The first caveat we should mention involves shader execution units, which we've not even included in the table above because simple comparisons between the GMA X3000 and the others are tricky. The eight shader execution units in the GMA X3000 may sound like a lot, but those execution units are scalar—they can only operate on one pixel component at a time. A typical pixel has four components (red, green, blue, and alpha), so the GMA X3000 can really only process two complete pixels per clock cycle. The GeForce 6150 has two traditional pixel shader processors, so it can handle just as many pixels per clock, and the Radeon X1250 IGP in the AMD 690G has four pixel shader processors, for twice the per-clock capacity.

These things get even more complex when you look under the covers, and a whole host of qualifications and mitigating circumstances become apparent. For instance, the GMA 3000's scalar architecture could allow it to allocate execution resources more efficiently than the two more traditional architectures, giving it a performance edge. On the flip side, the individual pixel shader processors in the Nvidia and AMD IGPs are relatively rich in both programmable and special-purpose execution resources, and they may deliver more FLOPS per clock than the GMA X3000, depending on the instruction mix. Also, according to an intriguing discussion here, Intel looks to be using the GMA X3000's execution units to handle triangle setup, a chore assigned to dedicated hardware in the other IGPs. Sharing can be good, but too much sharing can drift into pinko-commie excess. Sharing execution resources with both vertex shading and triangle setup could overtax the X3000's pixel shading capacity.
Then again, the chip does have more clock cycles to work with. Running at 667MHz, the GMA's graphics core is clocked a full 40% higher than the Radeon X1250 and close to 30% higher than the fastest GeForce 6100.

We expect, though, that not all of the GMA X3000 runs at 667MHz, as the strange numbers in the "pixels per clock" and "textures per clock" entries in the table above suggest. Intel says the G965 can compute two raster operations per clock maximum, but only for clears. For any other 3D raster op, it's limited to 1.6 pixels per clock. Similarly, it can process depth operations at 4 pixels per clock, but is limited to 3.2 pixels per clock for single, bilinear-filtered textures. What we may be seeing here is the result of different clock domains for the shader processors and the IGP's back end; the GeForce 8800 has a similar arrangement. Whatever the case, these numbers work out to theoretical fill rates of 1067 Mpixels/s and 2133 Mtexel/s. That puts the G965 ahead of the AMD 690G (1600 Mtexels/s) and the GeForce 6150 (950 Mtexels/s) in peak texturing capacity.

The X3000 looks impressive in the output department, as well, packing support for DVI, HDMI, and VGA outputs alongside a TV encoder.
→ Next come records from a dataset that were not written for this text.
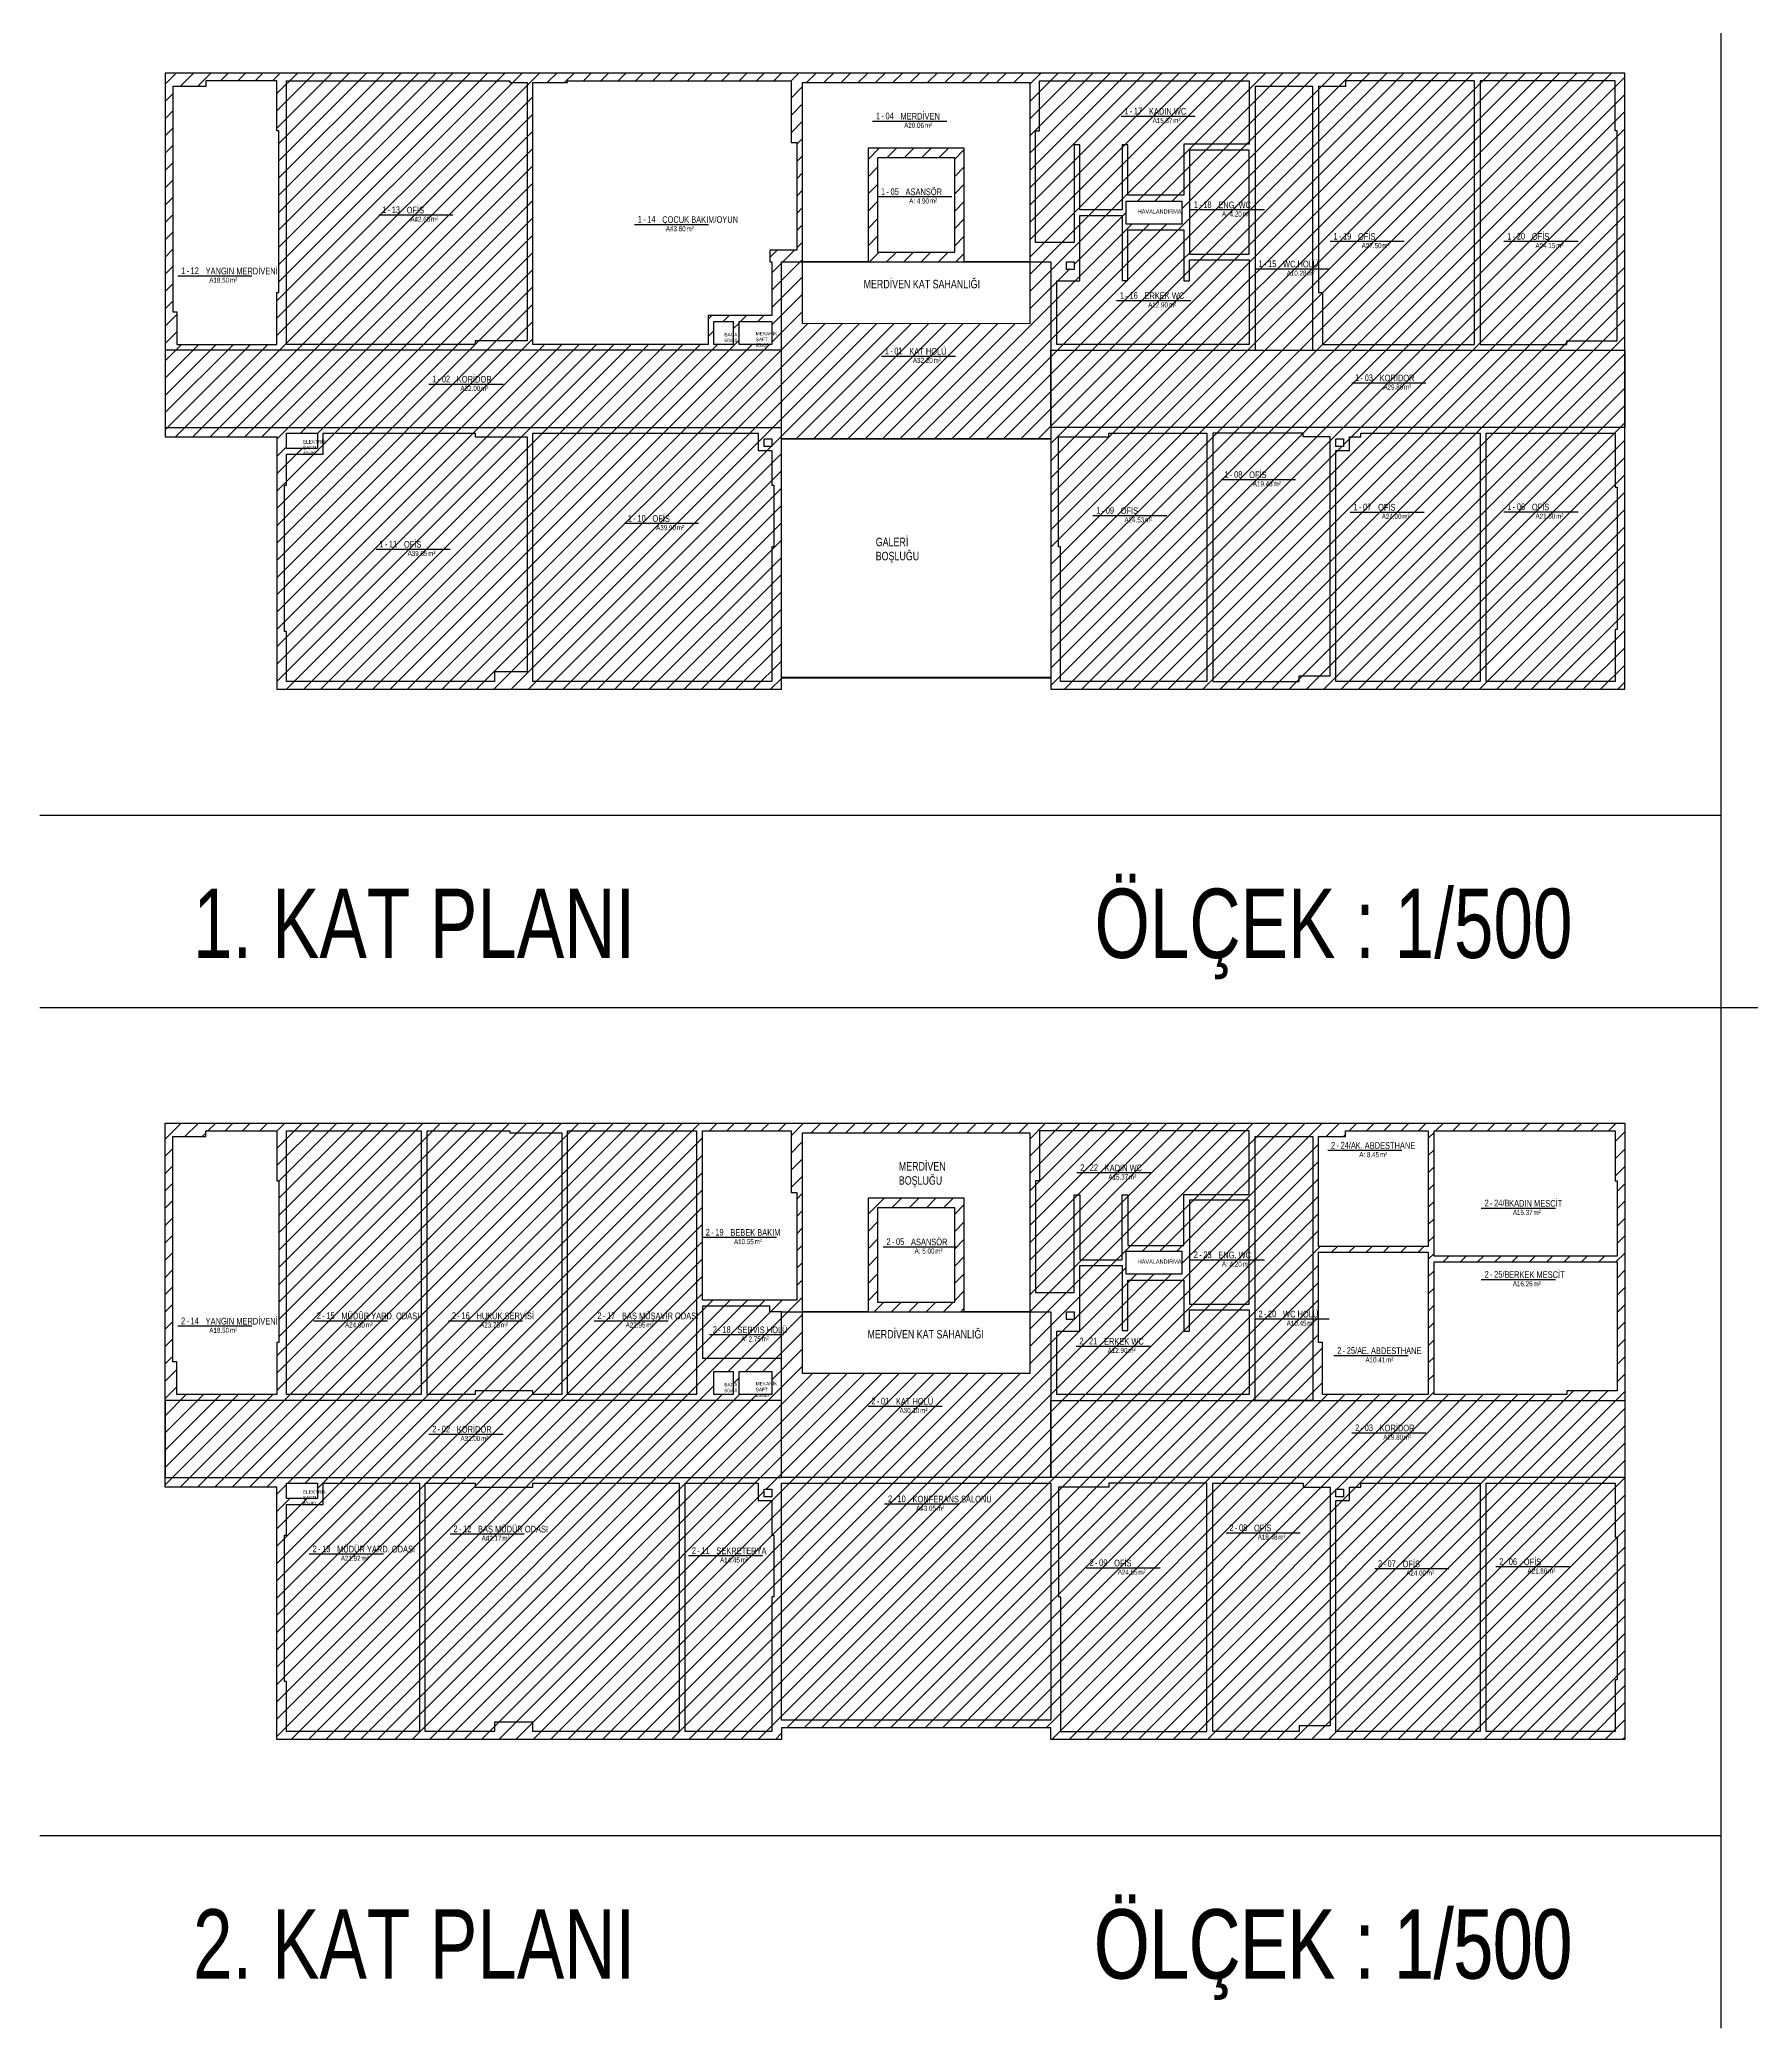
# Model space of a CAD drawing. Header units: inches. Extents: x 21 to 38546, y 13 to 15001.
# Drawn here: x 1369 to 1814, y 358 to 875 of the extents above; entities that cross this region are included whole.
import ezdxf
from ezdxf.enums import TextEntityAlignment as Align

# ---------------------------------------------------------------- set-up
doc = ezdxf.new("R2010")
doc.units = ezdxf.units.IN
doc.header["$MEASUREMENT"] = 0
for name, color, linetype, lineweight in [('Z_MİM_-KM-AREA-IDEN', 8, 'Continuous', 25), ('Z_MİM_-KM-BRÜT_ALAN', 8, 'Continuous', 25), ('Z_MİM_-KM-EMSAL', 8, 'Continuous', 25), ('Z_MİM_-KM-EMSAL_DIŞI_ALAN', 8, 'Continuous', 25), ('Z_MİM_-KM-EMSAL_HARİCİ_%30_ALAN', 8, 'Continuous', 25), ('Z_MİM_-KM-Pafta', 8, 'Continuous', 25), ('Z_MİM_-KM-TEXT', 8, 'Continuous', 25), ('Z_MİM_-KM-TEXT-DETL', 8, 'Continuous', 25), ('Z_MİM_00', 8, 'Continuous', 25)]:
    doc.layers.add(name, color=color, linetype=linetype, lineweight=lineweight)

Additional outputs are also supported via the chip's sDVO (Serial Digital Video Output) interface, although motherboard makers will ultimately decide which of the X3000's various output options will be made available to end users.

Complementing the X3000's generous assortment of video outputs is a Clear Video processing engine that offers advanced de-interlacing algorithms and a measure of color correction. Clear Video can also accelerate VC-1 high-definition video decoding, allowing it to shoulder some of the burden associated with WMV HD video playback. Hardware assist is supported for high-definition MPEG2 video playback, as well.

Dynamic Video Memory Technology (DVMT) rounds out the X3000's feature set, enabling the chip to dynamically allocate system memory as needed. DVMT works by dedicating a small portion (in this case 1MB or 8MB, configured through the BIOS) of system memory to the graphics core at all times. Users can then elect to cordon off an additional chunk of system memory to the graphics core or allow DVMT to allocation additional video memory as needed on its own.